■ **What to work on**
Say how many lines in the records hold the word "part", and give nothing but that number.

(Records drawn from a dataset)
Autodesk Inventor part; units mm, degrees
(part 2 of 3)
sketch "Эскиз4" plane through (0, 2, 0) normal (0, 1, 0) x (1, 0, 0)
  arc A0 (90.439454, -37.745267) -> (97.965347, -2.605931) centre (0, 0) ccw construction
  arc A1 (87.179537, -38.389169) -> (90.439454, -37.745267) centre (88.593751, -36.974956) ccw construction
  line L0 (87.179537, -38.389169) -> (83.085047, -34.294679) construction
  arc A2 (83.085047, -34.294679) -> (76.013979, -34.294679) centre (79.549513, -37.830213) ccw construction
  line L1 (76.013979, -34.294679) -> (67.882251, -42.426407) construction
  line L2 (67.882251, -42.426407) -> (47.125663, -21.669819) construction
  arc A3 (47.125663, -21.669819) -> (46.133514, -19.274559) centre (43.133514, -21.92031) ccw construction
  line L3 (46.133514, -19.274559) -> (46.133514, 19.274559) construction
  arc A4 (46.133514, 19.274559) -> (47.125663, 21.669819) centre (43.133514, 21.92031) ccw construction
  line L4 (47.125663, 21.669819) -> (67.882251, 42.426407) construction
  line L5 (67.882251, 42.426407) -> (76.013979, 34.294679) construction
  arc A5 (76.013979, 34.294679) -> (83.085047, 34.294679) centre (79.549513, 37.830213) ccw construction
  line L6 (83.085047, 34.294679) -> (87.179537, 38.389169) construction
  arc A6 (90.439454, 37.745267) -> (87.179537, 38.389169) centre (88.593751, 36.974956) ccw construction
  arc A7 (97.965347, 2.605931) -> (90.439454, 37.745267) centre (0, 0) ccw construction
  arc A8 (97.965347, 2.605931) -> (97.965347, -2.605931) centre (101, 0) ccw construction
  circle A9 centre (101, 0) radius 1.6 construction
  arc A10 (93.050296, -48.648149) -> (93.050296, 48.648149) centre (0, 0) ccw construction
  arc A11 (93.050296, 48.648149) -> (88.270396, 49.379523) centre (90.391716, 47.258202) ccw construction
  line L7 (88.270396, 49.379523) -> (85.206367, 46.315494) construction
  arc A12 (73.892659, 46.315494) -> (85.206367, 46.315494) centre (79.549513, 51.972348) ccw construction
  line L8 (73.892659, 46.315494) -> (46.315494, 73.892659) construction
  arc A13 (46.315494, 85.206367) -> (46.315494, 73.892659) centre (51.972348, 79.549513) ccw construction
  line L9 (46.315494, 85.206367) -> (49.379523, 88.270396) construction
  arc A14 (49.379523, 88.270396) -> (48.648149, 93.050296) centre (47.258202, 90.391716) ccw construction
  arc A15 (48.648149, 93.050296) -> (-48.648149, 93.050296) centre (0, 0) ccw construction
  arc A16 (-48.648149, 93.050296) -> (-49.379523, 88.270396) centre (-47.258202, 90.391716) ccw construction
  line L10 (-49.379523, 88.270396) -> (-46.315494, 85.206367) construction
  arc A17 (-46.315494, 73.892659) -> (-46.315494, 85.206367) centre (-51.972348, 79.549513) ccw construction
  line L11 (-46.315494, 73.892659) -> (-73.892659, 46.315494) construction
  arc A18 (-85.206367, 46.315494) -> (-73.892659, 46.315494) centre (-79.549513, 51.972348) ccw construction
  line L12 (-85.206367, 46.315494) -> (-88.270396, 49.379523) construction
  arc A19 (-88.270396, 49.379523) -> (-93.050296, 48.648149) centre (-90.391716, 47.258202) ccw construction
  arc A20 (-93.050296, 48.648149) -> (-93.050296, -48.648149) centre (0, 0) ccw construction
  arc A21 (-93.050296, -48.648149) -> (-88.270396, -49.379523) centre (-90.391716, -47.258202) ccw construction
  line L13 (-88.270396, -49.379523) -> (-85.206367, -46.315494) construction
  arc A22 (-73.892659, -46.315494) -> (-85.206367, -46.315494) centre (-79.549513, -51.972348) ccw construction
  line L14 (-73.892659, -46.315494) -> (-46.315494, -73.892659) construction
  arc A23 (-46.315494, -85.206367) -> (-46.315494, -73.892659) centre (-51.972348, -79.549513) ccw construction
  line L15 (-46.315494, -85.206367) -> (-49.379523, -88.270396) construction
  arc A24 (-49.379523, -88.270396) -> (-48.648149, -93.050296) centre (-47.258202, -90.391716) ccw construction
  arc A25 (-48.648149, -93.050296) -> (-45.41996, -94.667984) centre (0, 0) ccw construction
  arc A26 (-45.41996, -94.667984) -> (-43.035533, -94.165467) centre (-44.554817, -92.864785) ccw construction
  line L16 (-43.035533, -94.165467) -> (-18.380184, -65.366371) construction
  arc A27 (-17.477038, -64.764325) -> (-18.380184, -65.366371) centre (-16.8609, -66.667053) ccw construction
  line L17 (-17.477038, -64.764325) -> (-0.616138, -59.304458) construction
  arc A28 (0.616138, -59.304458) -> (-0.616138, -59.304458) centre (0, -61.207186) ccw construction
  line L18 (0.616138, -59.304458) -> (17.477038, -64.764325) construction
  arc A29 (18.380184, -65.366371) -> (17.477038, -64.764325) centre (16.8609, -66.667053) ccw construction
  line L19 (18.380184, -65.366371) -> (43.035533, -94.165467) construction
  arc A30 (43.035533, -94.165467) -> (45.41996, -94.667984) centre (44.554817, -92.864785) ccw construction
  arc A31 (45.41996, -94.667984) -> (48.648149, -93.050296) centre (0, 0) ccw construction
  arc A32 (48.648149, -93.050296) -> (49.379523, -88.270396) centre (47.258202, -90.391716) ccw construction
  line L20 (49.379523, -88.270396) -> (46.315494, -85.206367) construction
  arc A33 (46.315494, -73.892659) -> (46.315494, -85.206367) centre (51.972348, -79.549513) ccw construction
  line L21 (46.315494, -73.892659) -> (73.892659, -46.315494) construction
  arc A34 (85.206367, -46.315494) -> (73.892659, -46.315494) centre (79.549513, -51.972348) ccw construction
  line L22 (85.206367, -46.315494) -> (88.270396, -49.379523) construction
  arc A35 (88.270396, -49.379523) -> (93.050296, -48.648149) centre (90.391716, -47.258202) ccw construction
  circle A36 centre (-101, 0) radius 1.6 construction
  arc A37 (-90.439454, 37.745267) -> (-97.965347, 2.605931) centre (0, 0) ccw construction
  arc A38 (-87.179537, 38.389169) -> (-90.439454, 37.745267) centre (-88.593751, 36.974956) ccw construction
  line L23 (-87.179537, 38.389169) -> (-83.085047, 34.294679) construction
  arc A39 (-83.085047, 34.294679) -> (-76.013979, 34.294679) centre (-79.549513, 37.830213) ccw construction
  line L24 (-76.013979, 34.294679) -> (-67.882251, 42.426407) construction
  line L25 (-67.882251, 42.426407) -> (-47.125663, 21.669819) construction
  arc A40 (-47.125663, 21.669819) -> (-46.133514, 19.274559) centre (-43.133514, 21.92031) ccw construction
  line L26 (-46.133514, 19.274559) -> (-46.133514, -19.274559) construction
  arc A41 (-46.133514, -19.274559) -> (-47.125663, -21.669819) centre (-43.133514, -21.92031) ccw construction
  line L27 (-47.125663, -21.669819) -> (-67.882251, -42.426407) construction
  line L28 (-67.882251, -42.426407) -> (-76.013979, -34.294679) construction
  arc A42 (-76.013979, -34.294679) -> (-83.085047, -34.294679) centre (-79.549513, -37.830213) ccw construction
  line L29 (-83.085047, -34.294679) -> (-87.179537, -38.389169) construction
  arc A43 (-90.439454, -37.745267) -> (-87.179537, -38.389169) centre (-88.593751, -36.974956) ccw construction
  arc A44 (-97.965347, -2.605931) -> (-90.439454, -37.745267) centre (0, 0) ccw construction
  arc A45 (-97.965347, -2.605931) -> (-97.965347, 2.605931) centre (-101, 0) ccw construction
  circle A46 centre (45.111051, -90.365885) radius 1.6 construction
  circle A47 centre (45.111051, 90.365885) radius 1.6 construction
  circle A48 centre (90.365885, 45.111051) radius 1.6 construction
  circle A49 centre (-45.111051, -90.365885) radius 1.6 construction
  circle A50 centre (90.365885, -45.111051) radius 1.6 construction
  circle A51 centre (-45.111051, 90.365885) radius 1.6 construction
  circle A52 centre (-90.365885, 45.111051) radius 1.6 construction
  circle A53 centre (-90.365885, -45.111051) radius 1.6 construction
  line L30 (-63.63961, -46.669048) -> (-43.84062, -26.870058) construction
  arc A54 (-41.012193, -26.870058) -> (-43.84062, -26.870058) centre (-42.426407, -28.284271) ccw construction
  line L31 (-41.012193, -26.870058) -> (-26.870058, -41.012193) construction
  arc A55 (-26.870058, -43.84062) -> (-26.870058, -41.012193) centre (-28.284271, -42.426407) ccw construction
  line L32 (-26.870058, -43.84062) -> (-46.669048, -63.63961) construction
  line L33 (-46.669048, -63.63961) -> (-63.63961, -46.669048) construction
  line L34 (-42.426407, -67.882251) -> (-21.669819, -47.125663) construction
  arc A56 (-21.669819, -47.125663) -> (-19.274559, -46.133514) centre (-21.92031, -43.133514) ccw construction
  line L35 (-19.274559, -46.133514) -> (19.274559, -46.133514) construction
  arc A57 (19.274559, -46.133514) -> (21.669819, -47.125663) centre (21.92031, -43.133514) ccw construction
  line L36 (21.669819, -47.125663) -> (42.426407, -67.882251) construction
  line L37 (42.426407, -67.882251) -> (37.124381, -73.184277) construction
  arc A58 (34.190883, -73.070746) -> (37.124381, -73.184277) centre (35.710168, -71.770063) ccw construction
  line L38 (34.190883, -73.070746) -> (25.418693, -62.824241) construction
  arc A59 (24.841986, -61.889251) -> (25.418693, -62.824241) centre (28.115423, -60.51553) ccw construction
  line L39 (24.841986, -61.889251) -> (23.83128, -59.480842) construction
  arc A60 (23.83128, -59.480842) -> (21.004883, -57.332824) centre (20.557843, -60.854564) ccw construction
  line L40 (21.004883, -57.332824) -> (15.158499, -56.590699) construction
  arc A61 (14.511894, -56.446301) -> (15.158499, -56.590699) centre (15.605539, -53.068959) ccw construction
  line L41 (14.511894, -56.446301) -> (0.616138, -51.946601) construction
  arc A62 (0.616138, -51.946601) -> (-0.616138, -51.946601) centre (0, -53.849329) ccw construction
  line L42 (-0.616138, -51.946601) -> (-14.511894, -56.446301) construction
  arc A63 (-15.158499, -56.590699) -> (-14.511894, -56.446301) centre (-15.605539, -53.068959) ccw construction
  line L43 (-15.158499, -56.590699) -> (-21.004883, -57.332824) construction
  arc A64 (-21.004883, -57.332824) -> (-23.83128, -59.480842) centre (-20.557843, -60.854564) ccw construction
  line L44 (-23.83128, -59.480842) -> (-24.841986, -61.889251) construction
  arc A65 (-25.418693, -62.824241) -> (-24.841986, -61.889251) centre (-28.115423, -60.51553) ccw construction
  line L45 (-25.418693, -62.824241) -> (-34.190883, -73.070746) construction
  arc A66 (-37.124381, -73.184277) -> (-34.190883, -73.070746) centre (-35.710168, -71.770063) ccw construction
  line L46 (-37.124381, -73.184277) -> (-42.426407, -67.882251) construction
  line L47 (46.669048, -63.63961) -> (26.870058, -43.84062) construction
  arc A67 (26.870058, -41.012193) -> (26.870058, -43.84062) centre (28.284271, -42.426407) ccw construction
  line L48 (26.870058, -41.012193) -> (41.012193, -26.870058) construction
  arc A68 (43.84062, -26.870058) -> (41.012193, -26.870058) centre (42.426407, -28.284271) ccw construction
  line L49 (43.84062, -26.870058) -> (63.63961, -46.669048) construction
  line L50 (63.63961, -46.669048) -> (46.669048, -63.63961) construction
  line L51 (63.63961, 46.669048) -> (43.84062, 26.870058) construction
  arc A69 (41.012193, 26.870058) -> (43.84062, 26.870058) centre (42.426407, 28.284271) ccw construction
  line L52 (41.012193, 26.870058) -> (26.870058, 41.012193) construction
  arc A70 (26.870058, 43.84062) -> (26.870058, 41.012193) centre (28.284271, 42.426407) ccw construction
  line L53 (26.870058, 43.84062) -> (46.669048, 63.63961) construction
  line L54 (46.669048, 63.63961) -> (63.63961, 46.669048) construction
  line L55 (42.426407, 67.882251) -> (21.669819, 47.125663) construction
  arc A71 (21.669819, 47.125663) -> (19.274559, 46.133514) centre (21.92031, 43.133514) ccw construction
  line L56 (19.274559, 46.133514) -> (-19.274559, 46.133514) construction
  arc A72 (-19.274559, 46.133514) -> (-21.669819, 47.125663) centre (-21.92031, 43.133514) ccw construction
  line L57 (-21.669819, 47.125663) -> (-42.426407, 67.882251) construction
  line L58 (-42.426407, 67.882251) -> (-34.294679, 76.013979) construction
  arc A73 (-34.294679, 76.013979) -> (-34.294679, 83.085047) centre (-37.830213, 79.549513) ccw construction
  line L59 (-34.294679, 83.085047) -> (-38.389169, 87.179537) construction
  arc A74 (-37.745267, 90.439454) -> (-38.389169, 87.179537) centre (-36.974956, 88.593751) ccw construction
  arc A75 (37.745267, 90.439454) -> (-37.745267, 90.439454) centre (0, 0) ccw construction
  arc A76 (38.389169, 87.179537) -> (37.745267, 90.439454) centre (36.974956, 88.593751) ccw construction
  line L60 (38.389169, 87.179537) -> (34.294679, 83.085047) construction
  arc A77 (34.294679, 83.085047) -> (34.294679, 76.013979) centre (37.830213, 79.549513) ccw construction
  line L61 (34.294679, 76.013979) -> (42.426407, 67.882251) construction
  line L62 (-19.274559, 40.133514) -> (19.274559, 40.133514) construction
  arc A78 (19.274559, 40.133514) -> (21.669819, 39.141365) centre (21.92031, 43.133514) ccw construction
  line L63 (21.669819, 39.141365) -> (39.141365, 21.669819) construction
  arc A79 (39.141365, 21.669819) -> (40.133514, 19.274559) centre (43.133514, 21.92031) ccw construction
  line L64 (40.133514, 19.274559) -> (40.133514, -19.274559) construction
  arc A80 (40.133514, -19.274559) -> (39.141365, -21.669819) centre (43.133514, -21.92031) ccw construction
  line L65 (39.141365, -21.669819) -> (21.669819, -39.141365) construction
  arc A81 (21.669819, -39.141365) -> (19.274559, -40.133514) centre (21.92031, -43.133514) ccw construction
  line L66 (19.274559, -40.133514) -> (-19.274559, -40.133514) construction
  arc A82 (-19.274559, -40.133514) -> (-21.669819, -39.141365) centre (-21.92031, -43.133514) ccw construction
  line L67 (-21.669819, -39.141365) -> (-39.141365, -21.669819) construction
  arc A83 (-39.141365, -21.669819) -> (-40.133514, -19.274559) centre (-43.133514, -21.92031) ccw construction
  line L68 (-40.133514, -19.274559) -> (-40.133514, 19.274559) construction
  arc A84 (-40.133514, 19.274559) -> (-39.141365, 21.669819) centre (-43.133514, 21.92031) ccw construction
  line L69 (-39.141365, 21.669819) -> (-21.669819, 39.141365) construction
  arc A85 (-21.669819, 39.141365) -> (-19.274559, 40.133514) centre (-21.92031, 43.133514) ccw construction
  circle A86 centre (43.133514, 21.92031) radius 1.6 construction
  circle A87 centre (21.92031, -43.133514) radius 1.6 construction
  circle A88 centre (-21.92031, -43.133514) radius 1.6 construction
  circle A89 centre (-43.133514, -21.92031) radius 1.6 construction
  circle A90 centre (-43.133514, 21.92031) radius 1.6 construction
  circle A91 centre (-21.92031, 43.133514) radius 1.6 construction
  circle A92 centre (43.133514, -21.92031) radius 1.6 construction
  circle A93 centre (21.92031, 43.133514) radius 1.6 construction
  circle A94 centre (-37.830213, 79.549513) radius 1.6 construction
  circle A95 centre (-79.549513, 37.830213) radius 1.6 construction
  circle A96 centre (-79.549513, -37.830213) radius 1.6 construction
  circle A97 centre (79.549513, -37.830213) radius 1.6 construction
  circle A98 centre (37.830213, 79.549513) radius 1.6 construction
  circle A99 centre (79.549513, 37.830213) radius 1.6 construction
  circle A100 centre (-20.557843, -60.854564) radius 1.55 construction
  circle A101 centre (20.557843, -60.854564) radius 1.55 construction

■ **Solution**
2